[Records from a collection]
=====
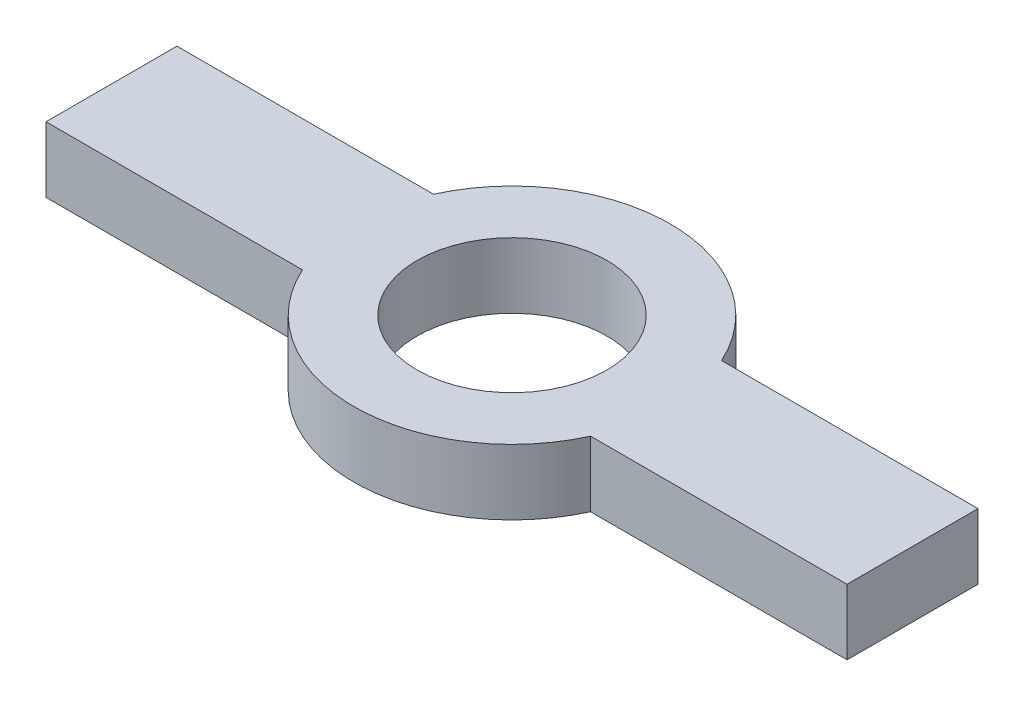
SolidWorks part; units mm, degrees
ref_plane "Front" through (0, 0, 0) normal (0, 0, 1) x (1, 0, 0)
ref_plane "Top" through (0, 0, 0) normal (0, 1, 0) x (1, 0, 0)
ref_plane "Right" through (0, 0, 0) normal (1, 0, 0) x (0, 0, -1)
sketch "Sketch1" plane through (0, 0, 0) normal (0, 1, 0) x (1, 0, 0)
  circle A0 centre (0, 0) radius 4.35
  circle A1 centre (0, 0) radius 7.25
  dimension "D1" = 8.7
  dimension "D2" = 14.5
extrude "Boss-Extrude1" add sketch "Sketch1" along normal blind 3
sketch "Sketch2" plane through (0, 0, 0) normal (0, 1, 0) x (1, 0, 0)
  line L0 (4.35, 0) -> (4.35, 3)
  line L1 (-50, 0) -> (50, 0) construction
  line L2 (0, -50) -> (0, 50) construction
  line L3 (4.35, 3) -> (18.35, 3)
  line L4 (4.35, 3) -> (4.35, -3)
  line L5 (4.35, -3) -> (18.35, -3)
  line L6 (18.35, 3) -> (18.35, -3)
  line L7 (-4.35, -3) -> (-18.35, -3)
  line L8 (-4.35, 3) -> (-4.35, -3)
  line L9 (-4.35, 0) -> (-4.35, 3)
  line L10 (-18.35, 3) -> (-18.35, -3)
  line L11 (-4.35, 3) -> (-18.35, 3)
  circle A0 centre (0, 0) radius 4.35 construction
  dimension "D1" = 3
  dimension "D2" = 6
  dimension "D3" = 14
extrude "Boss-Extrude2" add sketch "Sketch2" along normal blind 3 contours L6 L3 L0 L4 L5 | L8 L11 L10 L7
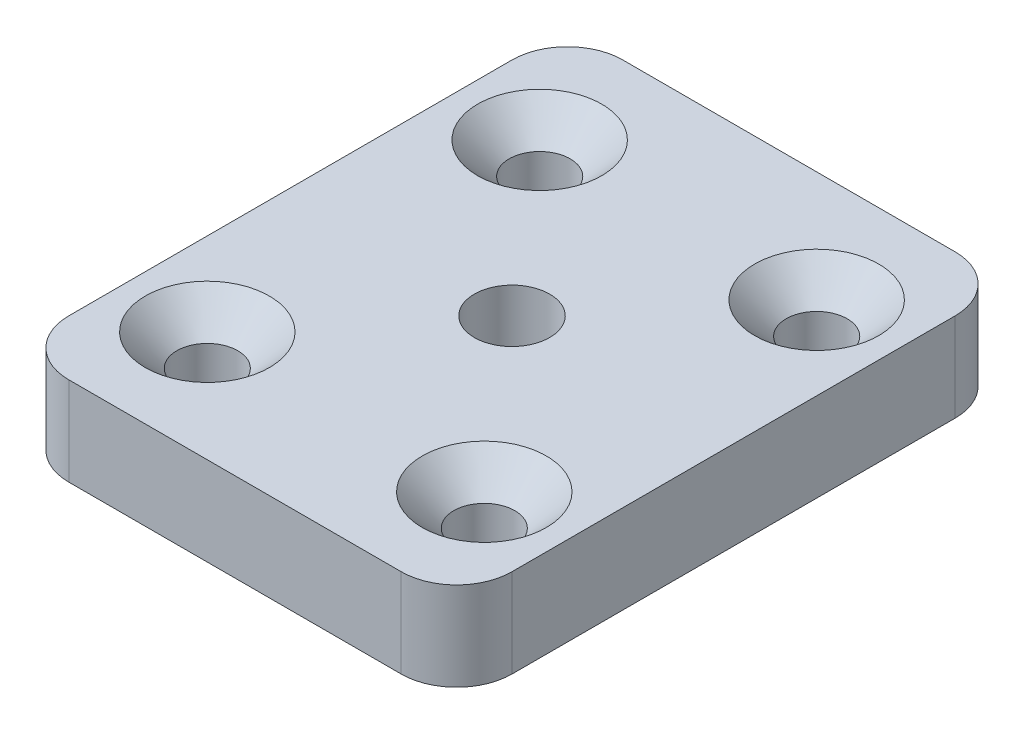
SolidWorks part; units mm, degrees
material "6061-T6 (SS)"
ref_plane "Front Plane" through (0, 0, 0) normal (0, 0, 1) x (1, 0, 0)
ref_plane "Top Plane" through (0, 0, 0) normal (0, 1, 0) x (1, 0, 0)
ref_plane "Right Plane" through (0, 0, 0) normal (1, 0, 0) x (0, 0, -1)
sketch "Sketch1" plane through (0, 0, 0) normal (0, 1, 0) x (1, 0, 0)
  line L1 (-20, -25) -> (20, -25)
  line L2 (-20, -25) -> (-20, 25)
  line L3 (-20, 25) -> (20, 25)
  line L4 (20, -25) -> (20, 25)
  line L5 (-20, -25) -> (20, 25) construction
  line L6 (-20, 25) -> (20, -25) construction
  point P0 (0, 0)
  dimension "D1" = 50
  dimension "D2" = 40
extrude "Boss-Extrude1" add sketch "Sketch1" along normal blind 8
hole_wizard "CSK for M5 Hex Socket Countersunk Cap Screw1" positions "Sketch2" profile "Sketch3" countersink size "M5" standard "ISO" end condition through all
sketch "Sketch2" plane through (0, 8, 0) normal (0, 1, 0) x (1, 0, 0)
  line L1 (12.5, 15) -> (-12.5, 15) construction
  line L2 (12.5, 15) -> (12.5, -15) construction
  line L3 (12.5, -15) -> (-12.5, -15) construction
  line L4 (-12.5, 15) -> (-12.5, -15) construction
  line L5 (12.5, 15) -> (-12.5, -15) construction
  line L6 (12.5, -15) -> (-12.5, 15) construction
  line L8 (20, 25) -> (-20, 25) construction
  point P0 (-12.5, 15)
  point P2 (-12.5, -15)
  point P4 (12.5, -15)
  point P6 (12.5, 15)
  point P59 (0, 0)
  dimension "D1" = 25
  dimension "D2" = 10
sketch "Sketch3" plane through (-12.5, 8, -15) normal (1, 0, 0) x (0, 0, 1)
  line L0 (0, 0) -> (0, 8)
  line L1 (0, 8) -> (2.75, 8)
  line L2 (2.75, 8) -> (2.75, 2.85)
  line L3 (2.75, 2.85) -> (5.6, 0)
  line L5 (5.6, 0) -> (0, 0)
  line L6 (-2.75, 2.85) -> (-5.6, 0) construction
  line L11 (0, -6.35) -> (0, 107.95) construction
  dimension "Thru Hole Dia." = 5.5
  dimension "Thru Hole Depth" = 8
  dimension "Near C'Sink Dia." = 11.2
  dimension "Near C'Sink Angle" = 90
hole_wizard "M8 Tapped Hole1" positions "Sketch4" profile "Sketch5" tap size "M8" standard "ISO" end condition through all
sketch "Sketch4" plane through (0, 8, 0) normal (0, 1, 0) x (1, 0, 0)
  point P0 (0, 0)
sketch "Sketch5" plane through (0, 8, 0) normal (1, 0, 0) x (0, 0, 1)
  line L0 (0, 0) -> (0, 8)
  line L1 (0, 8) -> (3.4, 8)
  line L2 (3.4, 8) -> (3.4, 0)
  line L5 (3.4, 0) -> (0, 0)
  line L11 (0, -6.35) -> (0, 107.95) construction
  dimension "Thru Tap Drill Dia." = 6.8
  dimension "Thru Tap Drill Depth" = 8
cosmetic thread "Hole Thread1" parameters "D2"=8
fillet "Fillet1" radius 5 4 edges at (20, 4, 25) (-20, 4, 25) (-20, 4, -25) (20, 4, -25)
=====
▸ Activity
Search the entries for the word "Near" and gather every line where it appears.

▸ Solution to this problem
  dimension "Near C'Sink Dia." = 11.2
  dimension "Near C'Sink Angle" = 90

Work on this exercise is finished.